The current TCP/IP Internet routing table is NOT scalable: Each node must know about all other nodes. #6 means that the following is only likely true but isn’t proven: Isochronous&source-routed mesh networks can scale to 2^40 nodes with conservative assumptions about topology and current technology. If, instead, one assumes a more 3D topology would develop naturally in the full-scale scenario (urban environments, satellites, and rooftop wireless laser hops), then it scales beyond 2^50 nodes.
#7 means that taking a simple bisection of the square grid produces the nodes that have the heaviest bootstrapping data load to switch. In order to be a viable network, this load must be a small portion of the available bandwidth of those nodes. Higher physical bandwidth links and more stable links network wide make this better.
The simulation code is shared here for verification and reproducibility purposes. This code is NOT production quality. It’s never been code reviewed. It’s more important to move to the next phase of development rather than spend time cleaning up the simulation code.
The simulation was built to have the following scalability properties, and the data confirms it was achieved:
- The “Search Rounds” taken by each node to find its best matched nodes (XOR metric) grows as LOG2(N)
- The “Highest Traffic on a Link” grows near N^(1/2)

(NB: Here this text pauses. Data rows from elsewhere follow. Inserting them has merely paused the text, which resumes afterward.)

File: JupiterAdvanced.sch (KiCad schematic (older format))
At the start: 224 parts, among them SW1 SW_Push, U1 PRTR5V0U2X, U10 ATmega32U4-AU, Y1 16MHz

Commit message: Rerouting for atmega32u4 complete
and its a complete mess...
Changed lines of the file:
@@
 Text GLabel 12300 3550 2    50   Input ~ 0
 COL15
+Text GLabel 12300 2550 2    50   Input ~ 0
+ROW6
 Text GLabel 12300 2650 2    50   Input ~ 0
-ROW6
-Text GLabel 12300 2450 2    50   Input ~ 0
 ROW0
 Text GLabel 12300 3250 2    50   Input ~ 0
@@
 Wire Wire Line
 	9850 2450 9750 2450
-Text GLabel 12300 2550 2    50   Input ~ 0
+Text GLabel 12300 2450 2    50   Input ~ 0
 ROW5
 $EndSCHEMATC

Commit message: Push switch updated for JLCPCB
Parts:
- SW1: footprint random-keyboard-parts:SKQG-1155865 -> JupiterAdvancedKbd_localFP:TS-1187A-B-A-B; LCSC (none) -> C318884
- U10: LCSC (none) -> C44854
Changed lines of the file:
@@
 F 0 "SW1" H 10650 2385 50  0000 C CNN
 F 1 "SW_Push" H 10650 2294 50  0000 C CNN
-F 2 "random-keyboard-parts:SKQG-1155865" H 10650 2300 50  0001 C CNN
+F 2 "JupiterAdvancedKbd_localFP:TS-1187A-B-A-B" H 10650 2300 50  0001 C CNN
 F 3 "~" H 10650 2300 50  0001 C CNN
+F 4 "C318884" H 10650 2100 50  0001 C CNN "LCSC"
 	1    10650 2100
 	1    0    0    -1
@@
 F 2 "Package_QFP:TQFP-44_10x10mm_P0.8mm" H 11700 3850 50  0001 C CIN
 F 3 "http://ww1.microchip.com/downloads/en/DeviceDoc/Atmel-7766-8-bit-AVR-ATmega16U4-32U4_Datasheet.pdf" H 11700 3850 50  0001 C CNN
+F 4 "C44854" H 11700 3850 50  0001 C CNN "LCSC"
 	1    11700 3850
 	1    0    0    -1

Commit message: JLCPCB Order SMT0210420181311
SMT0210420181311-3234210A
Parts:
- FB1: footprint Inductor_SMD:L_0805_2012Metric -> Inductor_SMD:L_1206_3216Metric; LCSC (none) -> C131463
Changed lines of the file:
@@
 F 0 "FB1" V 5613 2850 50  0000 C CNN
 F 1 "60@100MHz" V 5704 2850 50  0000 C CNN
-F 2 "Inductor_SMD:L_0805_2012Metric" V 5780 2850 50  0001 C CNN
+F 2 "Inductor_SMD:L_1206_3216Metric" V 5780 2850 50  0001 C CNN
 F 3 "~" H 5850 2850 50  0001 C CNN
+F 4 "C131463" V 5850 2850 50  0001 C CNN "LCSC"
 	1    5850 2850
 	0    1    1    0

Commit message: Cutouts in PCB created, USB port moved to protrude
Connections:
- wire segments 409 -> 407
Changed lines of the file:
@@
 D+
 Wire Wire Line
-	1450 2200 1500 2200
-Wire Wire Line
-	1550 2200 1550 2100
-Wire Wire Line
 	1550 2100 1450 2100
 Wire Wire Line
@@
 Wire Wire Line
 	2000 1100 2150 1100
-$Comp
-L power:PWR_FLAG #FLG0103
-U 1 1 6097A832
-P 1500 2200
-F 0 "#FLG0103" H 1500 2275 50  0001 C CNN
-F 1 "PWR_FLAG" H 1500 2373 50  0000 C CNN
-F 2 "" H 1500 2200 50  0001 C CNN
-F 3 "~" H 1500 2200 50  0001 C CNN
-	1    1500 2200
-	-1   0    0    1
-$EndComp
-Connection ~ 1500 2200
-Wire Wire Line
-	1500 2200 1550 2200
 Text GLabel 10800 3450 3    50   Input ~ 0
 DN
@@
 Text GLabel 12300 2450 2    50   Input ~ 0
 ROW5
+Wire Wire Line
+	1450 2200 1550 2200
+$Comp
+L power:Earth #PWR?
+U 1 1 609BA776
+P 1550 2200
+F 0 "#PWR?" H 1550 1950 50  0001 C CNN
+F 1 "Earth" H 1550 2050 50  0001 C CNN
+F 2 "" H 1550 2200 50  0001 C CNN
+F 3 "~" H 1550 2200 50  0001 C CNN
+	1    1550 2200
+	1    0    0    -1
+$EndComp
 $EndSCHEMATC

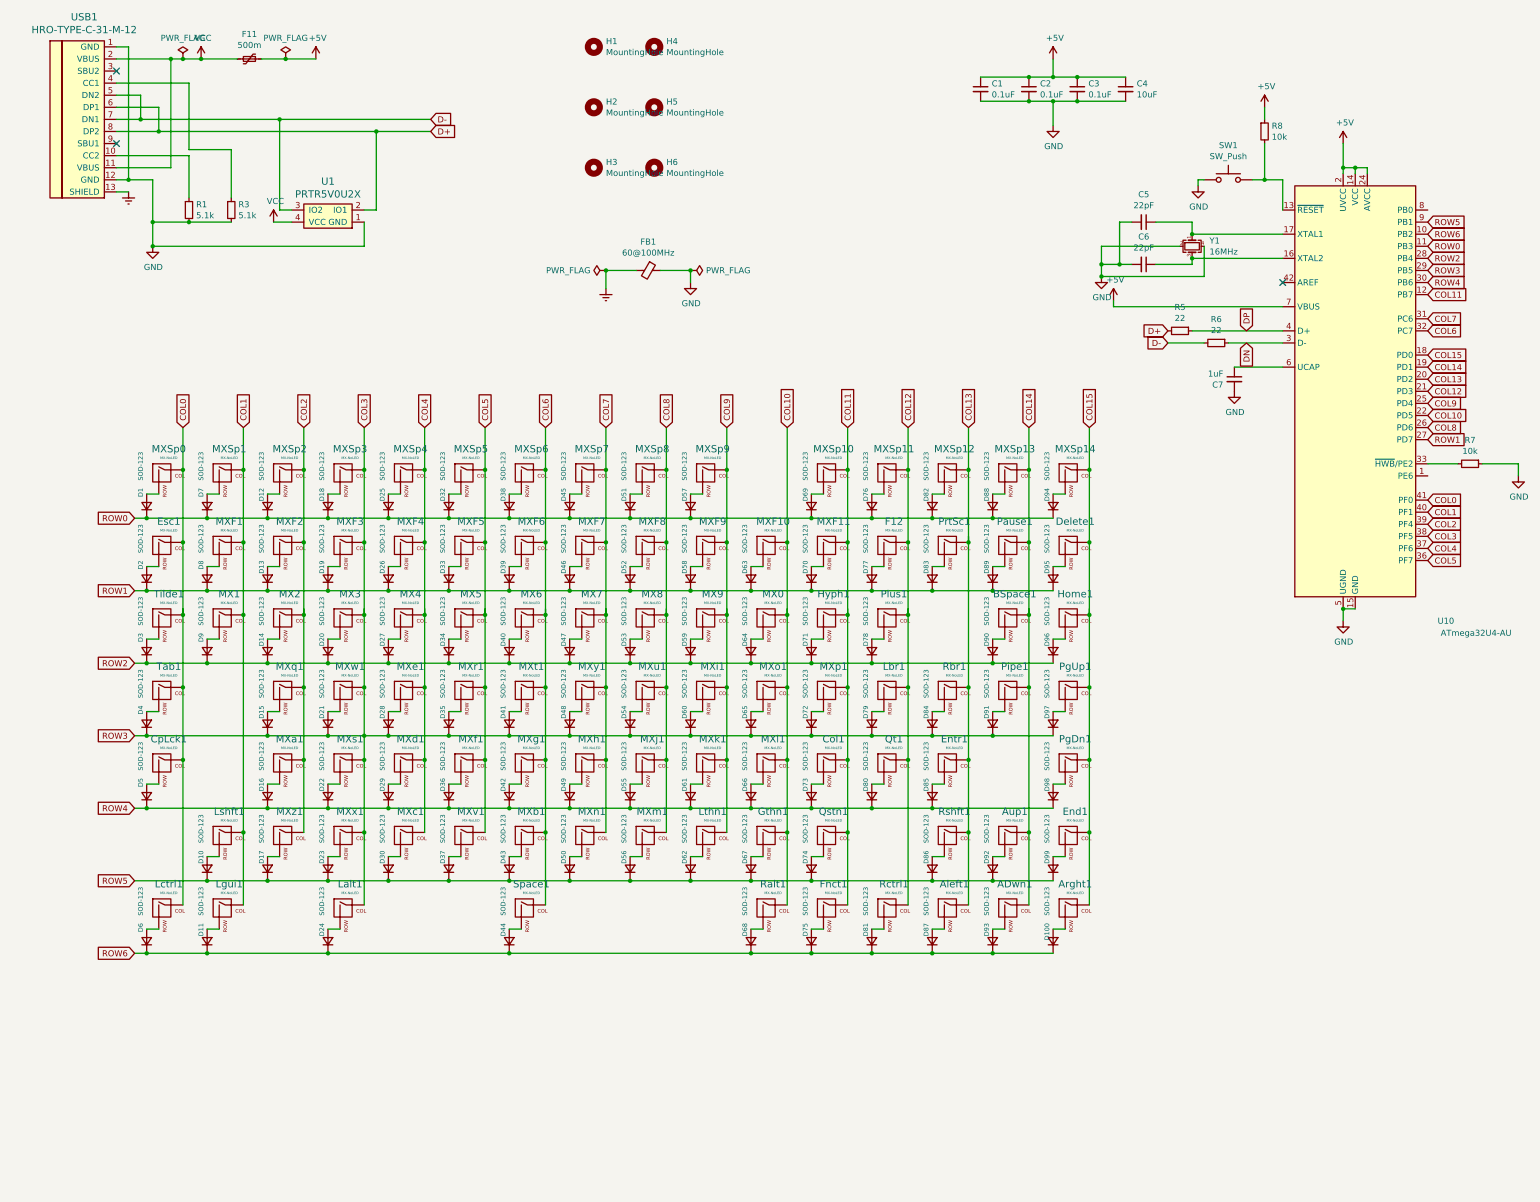
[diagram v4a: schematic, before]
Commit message: UnderGlow added, not yet routed
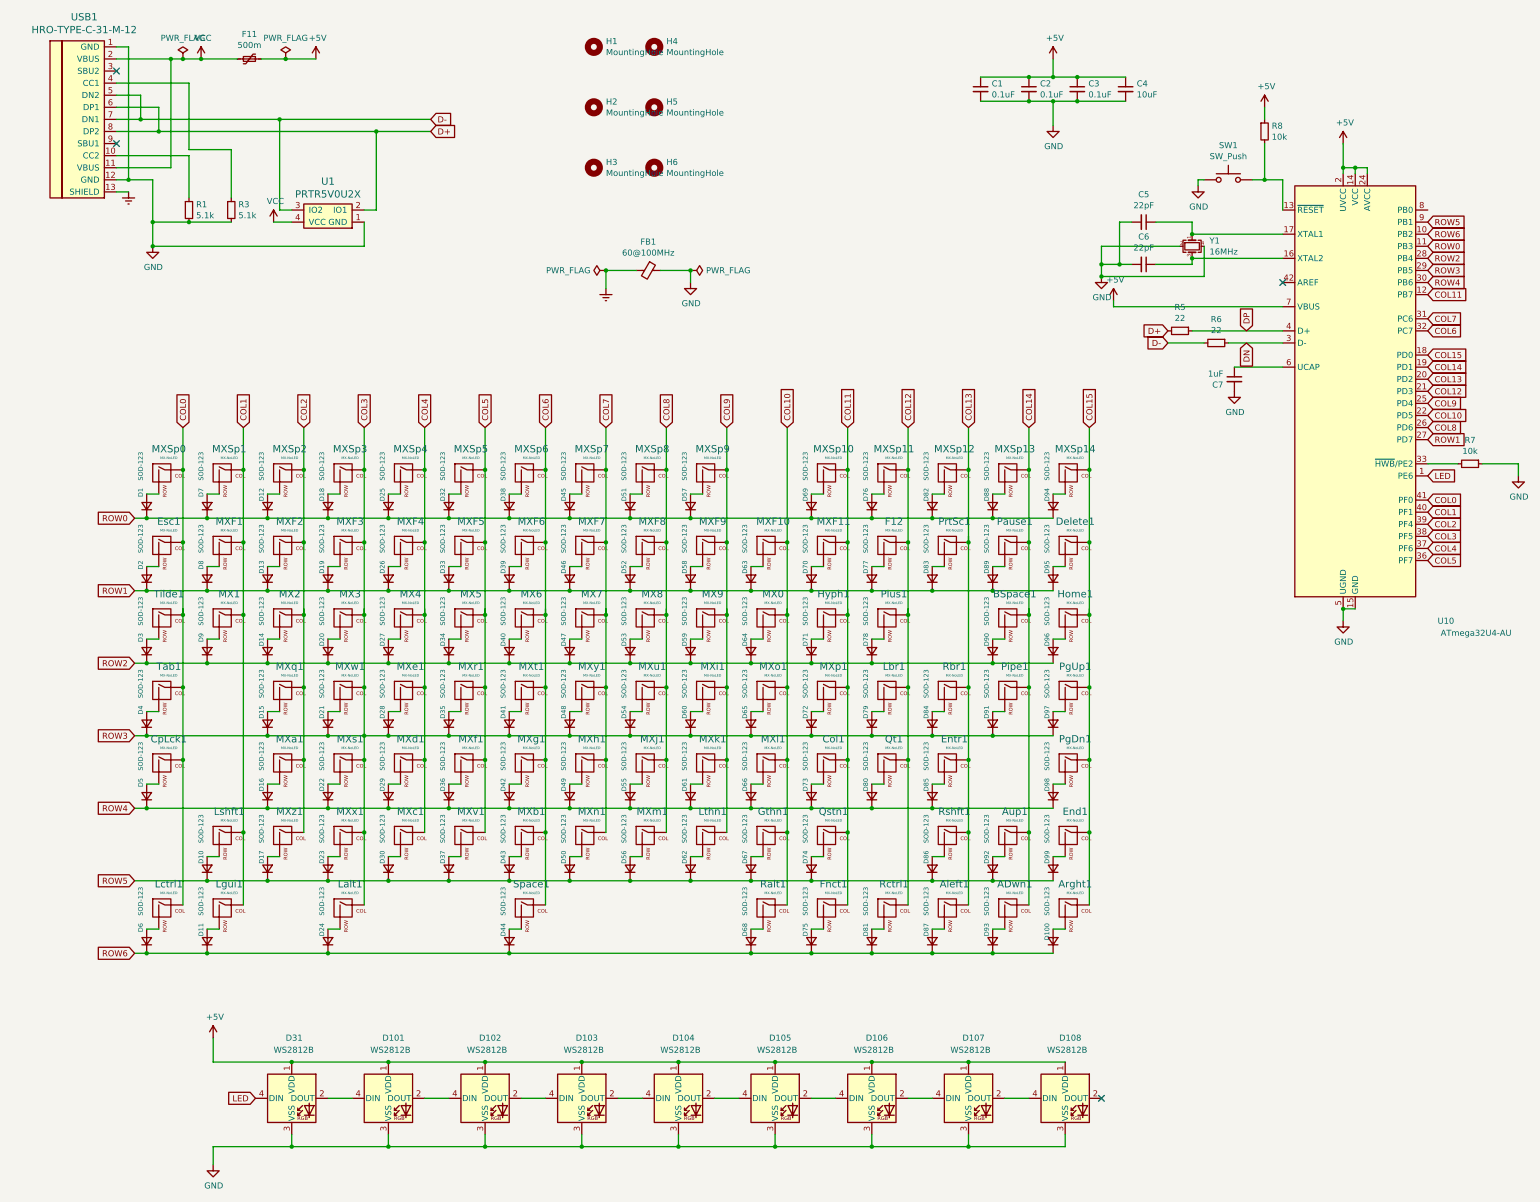
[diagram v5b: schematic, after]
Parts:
- added D101, D102, D103, D104, D105, D106, D107, D108, D31: WS2812B, LED_SMD:LED_WS2812B_PLCC4_5.0x5.0mm_P3.2mm, symbol LED:WS2812B
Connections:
- net labels added: LED
- wire segments 407 -> 444
- no-connect marks 3 -> 4
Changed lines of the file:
@@
 	1450 2200 1550 2200
 $Comp
-L power:Earth #PWR?
+L power:Earth #PWR0117
 U 1 1 609BA776
 P 1550 2200
-F 0 "#PWR?" H 1550 1950 50  0001 C CNN
+F 0 "#PWR0117" H 1550 1950 50  0001 C CNN
 F 1 "Earth" H 1550 2050 50  0001 C CNN
 F 2 "" H 1550 2200 50  0001 C CNN
@@
 	1    0    0    -1
 $EndComp
+$Comp
+L LED:WS2812B D31
+U 1 1 60A403B7
+P 2900 9700
+F 0 "D31" H 2850 10200 50  0000 L CNN
+F 1 "WS2812B" H 2750 10100 50  0000 L CNN
+F 2 "LED_SMD:LED_WS2812B_PLCC4_5.0x5.0mm_P3.2mm" H 2950 9400 50  0001 L TNN
+F 3 "https://cdn-shop.adafruit.com/datasheets/WS2812B.pdf" H 3000 9325 50  0001 L TNN
+F 4 "C114586" H 2900 9700 50  0001 C CNN "LCSC"
+	1    2900 9700
+	1    0    0    -1
+$EndComp
+$Comp
+L LED:WS2812B D101
+U 1 1 60A739C5
+P 3700 9700
+F 0 "D101" H 3650 10200 50  0000 L CNN
+F 1 "WS2812B" H 3550 10100 50  0000 L CNN
+F 2 "LED_SMD:LED_WS2812B_PLCC4_5.0x5.0mm_P3.2mm" H 3750 9400 50  0001 L TNN
+F 3 "https://cdn-shop.adafruit.com/datasheets/WS2812B.pdf" H 3800 9325 50  0001 L TNN
+F 4 "C114586" H 3700 9700 50  0001 C CNN "LCSC"
+	1    3700 9700
+	1    0    0    -1
+$EndComp
+$Comp
+L LED:WS2812B D102
+U 1 1 60A74444
+P 4500 9700
+F 0 "D102" H 4450 10200 50  0000 L CNN
+F 1 "WS2812B" H 4350 10100 50  0000 L CNN
+F 2 "LED_SMD:LED_WS2812B_PLCC4_5.0x5.0mm_P3.2mm" H 4550 9400 50  0001 L TNN
+F 3 "https://cdn-shop.adafruit.com/datasheets/WS2812B.pdf" H 4600 9325 50  0001 L TNN
+F 4 "C114586" H 4500 9700 50  0001 C CNN "LCSC"
+	1    4500 9700
+	1    0    0    -1
+$EndComp
+$Comp
+L LED:WS2812B D103
+U 1 1 60A78CF3
+P 5300 9700
+F 0 "D103" H 5250 10200 50  0000 L CNN
+F 1 "WS2812B" H 5150 10100 50  0000 L CNN
+F 2 "LED_SMD:LED_WS2812B_PLCC4_5.0x5.0mm_P3.2mm" H 5350 9400 50  0001 L TNN
+F 3 "https://cdn-shop.adafruit.com/datasheets/WS2812B.pdf" H 5400 9325 50  0001 L TNN
+F 4 "C114586" H 5300 9700 50  0001 C CNN "LCSC"
+	1    5300 9700
+	1    0    0    -1
+$EndComp
+$Comp
+L LED:WS2812B D104
+U 1 1 60A78CFE
+P 6100 9700
+F 0 "D104" H 6050 10200 50  0000 L CNN
+F 1 "WS2812B" H 5950 10100 50  0000 L CNN
+F 2 "LED_SMD:LED_WS2812B_PLCC4_5.0x5.0mm_P3.2mm" H 6150 9400 50  0001 L TNN
+F 3 "https://cdn-shop.adafruit.com/datasheets/WS2812B.pdf" H 6200 9325 50  0001 L TNN
+F 4 "C114586" H 6100 9700 50  0001 C CNN "LCSC"
+	1    6100 9700
+	1    0    0    -1
+$EndComp
+$Comp
+L LED:WS2812B D105
+U 1 1 60A78D09
+P 6900 9700
+F 0 "D105" H 6850 10200 50  0000 L CNN
+F 1 "WS2812B" H 6750 10100 50  0000 L CNN
+F 2 "LED_SMD:LED_WS2812B_PLCC4_5.0x5.0mm_P3.2mm" H 6950 9400 50  0001 L TNN
+F 3 "https://cdn-shop.adafruit.com/datasheets/WS2812B.pdf" H 7000 9325 50  0001 L TNN
+F 4 "C114586" H 6900 9700 50  0001 C CNN "LCSC"
+	1    6900 9700
+	1    0    0    -1
+$EndComp
+$Comp
+L LED:WS2812B D106
+U 1 1 60AAB8BE
+P 7700 9700
+F 0 "D106" H 7650 10200 50  0000 L CNN
+F 1 "WS2812B" H 7550 10100 50  0000 L CNN
+F 2 "LED_SMD:LED_WS2812B_PLCC4_5.0x5.0mm_P3.2mm" H 7750 9400 50  0001 L TNN
+F 3 "https://cdn-shop.adafruit.com/datasheets/WS2812B.pdf" H 7800 9325 50  0001 L TNN
+F 4 "C114586" H 7700 9700 50  0001 C CNN "LCSC"
+	1    7700 9700
+	1    0    0    -1
+$EndComp
+$Comp
+L LED:WS2812B D107
+U 1 1 60AAB8C9
+P 8500 9700
+F 0 "D107" H 8450 10200 50  0000 L CNN
+F 1 "WS2812B" H 8350 10100 50  0000 L CNN
+F 2 "LED_SMD:LED_WS2812B_PLCC4_5.0x5.0mm_P3.2mm" H 8550 9400 50  0001 L TNN
+F 3 "https://cdn-shop.adafruit.com/datasheets/WS2812B.pdf" H 8600 9325 50  0001 L TNN
+F 4 "C114586" H 8500 9700 50  0001 C CNN "LCSC"
+	1    8500 9700
+	1    0    0    -1
+$EndComp
+$Comp
+L LED:WS2812B D108
+U 1 1 60AAB8D4
+P 9300 9700
+F 0 "D108" H 9250 10200 50  0000 L CNN
+F 1 "WS2812B" H 9150 10100 50  0000 L CNN
+F 2 "LED_SMD:LED_WS2812B_PLCC4_5.0x5.0mm_P3.2mm" H 9350 9400 50  0001 L TNN
+F 3 "https://cdn-shop.adafruit.com/datasheets/WS2812B.pdf" H 9400 9325 50  0001 L TNN
+F 4 "C114586" H 9300 9700 50  0001 C CNN "LCSC"
+	1    9300 9700
+	1    0    0    -1
+$EndComp
+Wire Wire Line
+	9300 10000 9300 10100
+Wire Wire Line
+	9300 10100 8500 10100
+Wire Wire Line
+	2250 10100 2250 10250
+Wire Wire Line
+	2900 10000 2900 10100
+Connection ~ 2900 10100
+Wire Wire Line
+	2900 10100 2250 10100
+Wire Wire Line
+	3700 10000 3700 10100
+Connection ~ 3700 10100
+Wire Wire Line
+	3700 10100 2900 10100
+Wire Wire Line
+	4500 10000 4500 10100
+Connection ~ 4500 10100
+Wire Wire Line
+	4500 10100 3700 10100
+Wire Wire Line
+	5300 10000 5300 10100
+Connection ~ 5300 10100
+Wire Wire Line
+	5300 10100 4500 10100
+Wire Wire Line
+	6100 10000 6100 10100
+Connection ~ 6100 10100
+Wire Wire Line
+	6100 10100 5300 10100
+Wire Wire Line
+	6900 10000 6900 10100
+Connection ~ 6900 10100
+Wire Wire Line
+	6900 10100 6100 10100
+Wire Wire Line
+	7700 10000 7700 10100
+Connection ~ 7700 10100
+Wire Wire Line
+	7700 10100 6900 10100
+Wire Wire Line
+	8500 10000 8500 10100
+Connection ~ 8500 10100
+Wire Wire Line
+	8500 10100 7700 10100
+$Comp
+L power:GND #PWR0118
+U 1 1 60DC6080
+P 2250 10250
+F 0 "#PWR0118" H 2250 10000 50  0001 C CNN
+F 1 "GND" H 2255 10077 50  0000 C CNN
+F 2 "" H 2250 10250 50  0001 C CNN
+F 3 "" H 2250 10250 50  0001 C CNN
+	1    2250 10250
+	1    0    0    -1
+$EndComp
+Wire Wire Line
+	9300 9400 8500 9400
+Wire Wire Line
+	2250 9400 2250 9200
+Connection ~ 2900 9400
+Wire Wire Line
+	2900 9400 2250 9400
+Connection ~ 3700 9400
+Wire Wire Line
+	3700 9400 2900 9400
+Connection ~ 4500 9400
+Wire Wire Line
+	4500 9400 3700 9400
+Connection ~ 5300 9400
+Wire Wire Line
+	5300 9400 4500 9400
+Connection ~ 6100 9400
+Wire Wire Line
+	6100 9400 5300 9400
+Connection ~ 6900 9400
+Wire Wire Line
+	6900 9400 6100 9400
+Connection ~ 7700 9400
+Wire Wire Line
+	7700 9400 6900 9400
+Connection ~ 8500 9400
+Wire Wire Line
+	8500 9400 7700 9400
+$Comp
+L power:+5V #PWR0119
+U 1 1 60DFD422
+P 2250 9200
+F 0 "#PWR0119" H 2250 9050 50  0001 C CNN
+F 1 "+5V" H 2265 9373 50  0000 C CNN
+F 2 "" H 2250 9200 50  0001 C CNN
+F 3 "" H 2250 9200 50  0001 C CNN
+	1    2250 9200
+	1    0    0    -1
+$EndComp
+Text GLabel 2600 9700 0    50   Input ~ 0
+LED
+Wire Wire Line
+	3200 9700 3400 9700
+Wire Wire Line
+	4000 9700 4200 9700
+Wire Wire Line
+	4800 9700 5000 9700
+Wire Wire Line
+	5600 9700 5800 9700
+Wire Wire Line
+	6400 9700 6600 9700
+Wire Wire Line
+	7200 9700 7400 9700
+Wire Wire Line
+	8000 9700 8200 9700
+Wire Wire Line
+	8800 9700 9000 9700
+NoConn ~ 9600 9700
+Text GLabel 12300 4550 2    50   Input ~ 0
+LED
 $EndSCHEMATC

Raw data was collected by simulating the bootstrapping of various networks from 2^7 nodes to 2^23 nodes. A seed is used to drive a pseudo-random number generator to produce the node IDs. With the same seed, the first three columns are produced deterministically, but with a different seed the numbers move around a bit. In order to determine the growth rates with more accuracy, the simulation was repeated with different seeds (up to 2^21 nodes), and then averaged:
|Centerline crossing messages
Traffic on a Link
*The 2^21 sim required a large system and many hours of compute time, so it was only run 7 times. The 2^23 sim required a very large system and two days of compute time, so it was only run once.
#Memory and CPU time aren’t meaningful when tested near the memory limits of the machine, (due to additional Garbage Collection) which occurred on the 2^21 and 2^23 node sims
Analyzing the effect of doubling the network size on each column, from left to right:
- If one normalizes the per-node cost (the number of hops traversed per node) by distance, then the per-node cost growth rate upon doubling the network size is low (<6%). This can be done by assuming the growing number of nodes are spread evenly over a non-growing space: Since the network is a square, this normalized growth rate was computed by multiplying by the square root of the network size.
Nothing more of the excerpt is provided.